The freewheeling oligarchs of the 1990s were soon brought to heel. It had taken just one big case against the country’s richest man for Putin and his men to rein in the market freedoms of the Yeltsin era, and to launch a takeover by the state.
‘He would have gone gladly after four years, I think,’ Pugachev continues. ‘But then all these controversies happened. With the West now, there is such a serious standoff that it’s almost the Cuban missile crisis. And now he’s gone even deeper … He understands that if it goes further, he will never get out.’
For both these men, the power construct built by Putin, by which the president had accumulated so much power that everything now depended on him, looked the very opposite of stable. ‘It’s a pyramid. All you have to do is knock it once and it will all collapse … He understands all this, but he can’t change himself.’
‘I don’t have the feeling he understands any of this,’ says Yumashev.
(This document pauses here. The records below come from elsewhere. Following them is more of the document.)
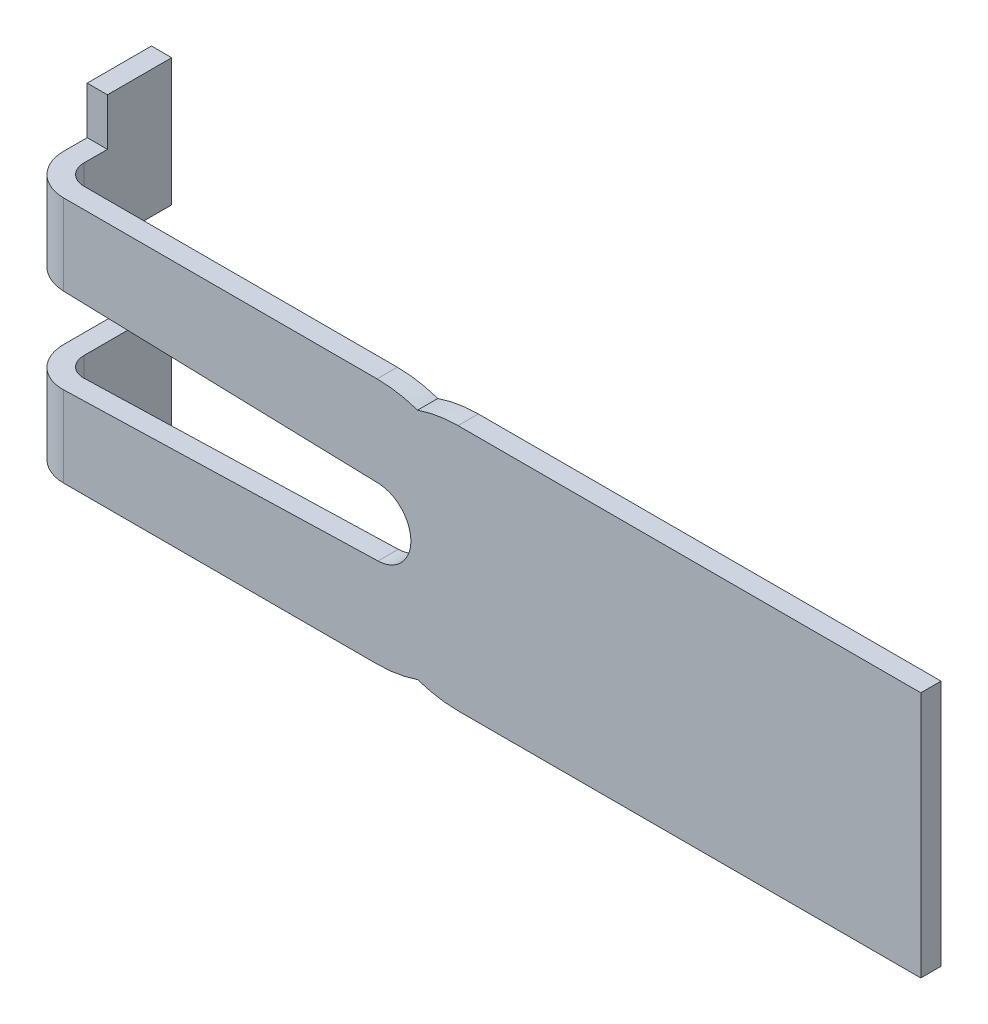
ISO-10303-21;
HEADER;
FILE_DESCRIPTION(('STEP AP214'),'2;1');
FILE_NAME('part.step','',(''),(''),'','','');
FILE_SCHEMA(('AUTOMOTIVE_DESIGN { 1 0 10303 214 1 1 1 1 }'));
ENDSEC;
DATA;
#1=APPLICATION_CONTEXT('core data for automotive mechanical design processes');
#2=APPLICATION_PROTOCOL_DEFINITION('international standard','automotive_design',2000,#1);
#3=PRODUCT_CONTEXT('',#1,'mechanical');
#4=PRODUCT('Part','Part','',(#3));
#5=PRODUCT_RELATED_PRODUCT_CATEGORY('part','',(#4));
#6=PRODUCT_DEFINITION_FORMATION('','',#4);
#7=PRODUCT_DEFINITION_CONTEXT('part definition',#1,'design');
#8=PRODUCT_DEFINITION('design','',#6,#7);
#9=PRODUCT_DEFINITION_SHAPE('','',#8);
#10=(LENGTH_UNIT() NAMED_UNIT(*) SI_UNIT(.MILLI.,.METRE.));
#11=(NAMED_UNIT(*) PLANE_ANGLE_UNIT() SI_UNIT($,.RADIAN.));
#12=(NAMED_UNIT(*) SI_UNIT($,.STERADIAN.) SOLID_ANGLE_UNIT());
#13=UNCERTAINTY_MEASURE_WITH_UNIT(LENGTH_MEASURE(1.E-05),#10,'distance_accuracy_value','');
#14=(GEOMETRIC_REPRESENTATION_CONTEXT(3) GLOBAL_UNCERTAINTY_ASSIGNED_CONTEXT((#13)) GLOBAL_UNIT_ASSIGNED_CONTEXT((#10,
#11,#12)) REPRESENTATION_CONTEXT('',''));
#15=CARTESIAN_POINT('',(0.,0.,0.));
#16=DIRECTION('',(0.,0.,1.));
#17=DIRECTION('',(1.,0.,0.));
#18=AXIS2_PLACEMENT_3D('',#15,#16,#17);
#19=CARTESIAN_POINT('',(0.300000000000002,1.83,1.9));
#20=DIRECTION('',(0.,0.,-1.));
#21=DIRECTION('',(-1.,0.,0.));
#22=AXIS2_PLACEMENT_3D('',#19,#20,#21);
#23=PLANE('',#22);
#24=CARTESIAN_POINT('',(6.14330650942758,0.,1.9));
#25=DIRECTION('',(0.,0.,-1.));
#26=DIRECTION('',(1.,0.,0.));
#27=AXIS2_PLACEMENT_3D('',#24,#25,#26);
#28=CIRCLE('',#27,1.83);
#29=CARTESIAN_POINT('',(6.14330650942758,-1.83,1.9));
#30=VERTEX_POINT('',#29);
#31=CARTESIAN_POINT('',(5.54330650942758,-1.72884354410687,1.9));
#32=VERTEX_POINT('',#31);
#33=EDGE_CURVE('E211',#30,#32,#28,.T.);
#34=ORIENTED_EDGE('',*,*,#33,.F.);
#35=DIRECTION('',(1.,0.,0.));
#36=VECTOR('',#35,1.);
#37=CARTESIAN_POINT('',(0.300000000000002,-1.83,1.9));
#38=LINE('',#37,#36);
#39=CARTESIAN_POINT('',(13.,-1.83,1.9));
#40=VERTEX_POINT('',#39);
#41=EDGE_CURVE('E444',#30,#40,#38,.T.);
#42=ORIENTED_EDGE('',*,*,#41,.T.);
#43=DIRECTION('',(0.,-1.,0.));
#44=VECTOR('',#43,1.);
#45=CARTESIAN_POINT('',(13.,1.83,1.9));
#46=LINE('',#45,#44);
#47=CARTESIAN_POINT('',(13.,1.83,1.9));
#48=VERTEX_POINT('',#47);
#49=EDGE_CURVE('E332',#48,#40,#46,.T.);
#50=ORIENTED_EDGE('',*,*,#49,.F.);
#51=DIRECTION('',(1.,0.,0.));
#52=VECTOR('',#51,1.);
#53=CARTESIAN_POINT('',(0.300000000000002,1.83,1.9));
#54=LINE('',#53,#52);
#55=CARTESIAN_POINT('',(6.14330650942758,1.83,1.9));
#56=VERTEX_POINT('',#55);
#57=EDGE_CURVE('E310',#56,#48,#54,.T.);
#58=ORIENTED_EDGE('',*,*,#57,.F.);
#59=CARTESIAN_POINT('',(6.14330650942758,0.,1.9));
#60=DIRECTION('',(0.,0.,-1.));
#61=DIRECTION('',(1.,0.,0.));
#62=AXIS2_PLACEMENT_3D('',#59,#60,#61);
#63=CIRCLE('',#62,1.83);
#64=CARTESIAN_POINT('',(5.54330650942758,1.72884354410687,1.9));
#65=VERTEX_POINT('',#64);
#66=EDGE_CURVE('E235',#65,#56,#63,.T.);
#67=ORIENTED_EDGE('',*,*,#66,.F.);
#68=CARTESIAN_POINT('',(4.94330650942758,0.,1.9));
#69=DIRECTION('',(0.,0.,-1.));
#70=DIRECTION('',(1.,0.,0.));
#71=AXIS2_PLACEMENT_3D('',#68,#69,#70);
#72=CIRCLE('',#71,1.83);
#73=CARTESIAN_POINT('',(4.94330650942758,1.83,1.9));
#74=VERTEX_POINT('',#73);
#75=EDGE_CURVE('E237',#74,#65,#72,.T.);
#76=ORIENTED_EDGE('',*,*,#75,.F.);
#77=CARTESIAN_POINT('',(0.300000000000002,1.83,1.9));
#78=VERTEX_POINT('',#77);
#79=EDGE_CURVE('E311',#78,#74,#54,.T.);
#80=ORIENTED_EDGE('',*,*,#79,.F.);
#81=DIRECTION('',(0.,-1.,0.));
#82=VECTOR('',#81,1.);
#83=CARTESIAN_POINT('',(0.300000000000002,1.83,1.9));
#84=LINE('',#83,#82);
#85=CARTESIAN_POINT('',(0.300000000000002,0.632858603308353,1.9));
#86=VERTEX_POINT('',#85);
#87=EDGE_CURVE('E358',#78,#86,#84,.T.);
#88=ORIENTED_EDGE('',*,*,#87,.T.);
#89=DIRECTION('',(-0.999592155917968,0.0285573427907472,0.));
#90=VECTOR('',#89,1.);
#91=CARTESIAN_POINT('',(-0.3,0.65,1.9));
#92=LINE('',#91,#90);
#93=CARTESIAN_POINT('',(4.95758518082296,0.499796077958984,1.9));
#94=VERTEX_POINT('',#93);
#95=EDGE_CURVE('E419',#94,#86,#92,.T.);
#96=ORIENTED_EDGE('',*,*,#95,.F.);
#97=CARTESIAN_POINT('',(4.94330650942758,0.,1.9));
#98=DIRECTION('',(0.,0.,1.));
#99=DIRECTION('',(1.,0.,0.));
#100=AXIS2_PLACEMENT_3D('',#97,#98,#99);
#101=CIRCLE('',#100,0.5);
#102=CARTESIAN_POINT('',(4.95758518082296,-0.499796077958984,1.9));
#103=VERTEX_POINT('',#102);
#104=EDGE_CURVE('E417',#103,#94,#101,.T.);
#105=ORIENTED_EDGE('',*,*,#104,.F.);
#106=DIRECTION('',(0.999592155917968,0.0285573427907472,0.));
#107=VECTOR('',#106,1.);
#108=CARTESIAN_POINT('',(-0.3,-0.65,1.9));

‘It would be strange if he said everything I did is backward,’ Pugachev interjects. ‘Many of the decisions he makes are based on his convictions of how the world is run. The subject of patriotism – he believes this sincerely. When he says the collapse of the Soviet Union was a tragedy, he believes this sincerely … He just has such values. What he does he does sincerely. He sincerely makes mistakes.’
Putin had often justified his consolidation of all levers of power – which included ending elections for governors, and bringing the court system under Kremlin diktat – by saying such measures were necessary to usher in a new era of stability, ending the chaos and collapse of the 1990s. But behind the patriotic chest-beating that, on the face of it, appeared to drive most of the decision-making was another, more disturbing factor. Putin and the KGB men who ran the economy through a network of loyal allies now monopolised power, and had introduced a new system in which state positions were used as vehicles for self-enrichment. It was a far cry from the anti-capitalist, anti-bourgeois principles of the Soviet state they had once served.
‘These people, they are mutants,’ says Pugachev. ‘They are a mixture of homo-soveticus with the wild capitalists of the last twenty years. They have stolen so much to fill their pockets. All their families live somewhere in London. But when they say they need to crush someone in the name of patriotism, they say this sincerely. It’s just that if it’s London they’re targeting, they will get their families out first.’
‘I think it is a terrible thing,’ says Yumashev. ‘Some of my friends who work in the Kremlin now say – with absolute sincerity – how great it is they can get so rich there. In the nineties, this was unacceptable. You either had to go into business or work for the country. Now they go and work for the state to earn money. Ministers hand out licences to make money. And of course all this comes from the boss … The first conversation [Putin] has with a new state employee is, “Here is your business. Share it only with me. If someone attacks you, I will defend you … and if you don’t [use your position as a business] you are an idiot.”’
‘Putin said this himself,’ says Pugachev. ‘Openly. I remember, I was speaking with him. He said, “What is that guy waiting for? Why isn’t he earning? What is he waiting for? He has the position. Let him make money for himself.” These are now like people who have drunk blood. They can’t stop. Now it is state officials who are the businessmen.’